3. Au vu de ce qui précède, le recours doit être rejeté dans la mesure où il est recevable et l’ordonnance attaquée confirmée. Les frais de la procédure de recours, constitués en l’espèce du seul émolument d’arrêt (art. 422 al. 1 CPP), par 1’760 fr. (art. 20 al. 1 TFIP [Tarif des frais de procédure et indemnités en matière pénale du 28 septembre 2010; BLV 312.03.1]), seront mis à la charge du recourant, qui succombe (art. 428 al. 1 CPP). Le montant de 550 fr. déjà versé par le recourant à titre de sûretés sera imputé sur les frais mis à sa charge.

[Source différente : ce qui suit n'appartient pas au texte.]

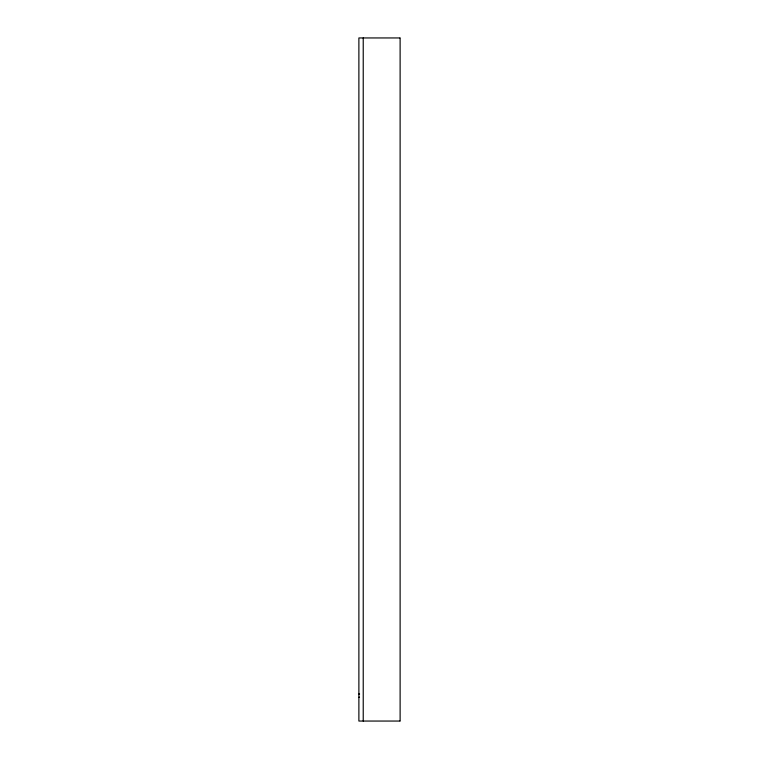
<?xml version="1.0" encoding="UTF-8"?>
<svg xmlns="http://www.w3.org/2000/svg" width="759" height="759" viewBox="0 0 759 759"><rect width="100%" height="100%" fill="white"/><g stroke="black" fill="none" stroke-linecap="round" stroke-linejoin="round"><path stroke-width="1.14" d="M358.884 697.331L359.491 697.123M399.794 37.95L358.884 37.95L358.884 721.05L399.794 721.05M358.884 694.011L359.595 694.011M400.116 37.95L400.116 721.05M363.229 37.95L363.229 721.05"/></g></svg>

Par ces motifs, la Chambre des recours pénale prononce : I. Le recours est rejeté dans la mesure où il est recevable. II. L’ordonnance du 25 mars 2021 est confirmée. III. Les frais d’arrêt, par 1'760 fr. (mille sept cent soixante francs), sont mis à la charge de B.________. IV. Le montant de 550 fr. (cinq cent cinquante francs) versé par B.________ à titre de sûretés est imputé sur les frais mis à sa charge au chiffre III ci-dessus.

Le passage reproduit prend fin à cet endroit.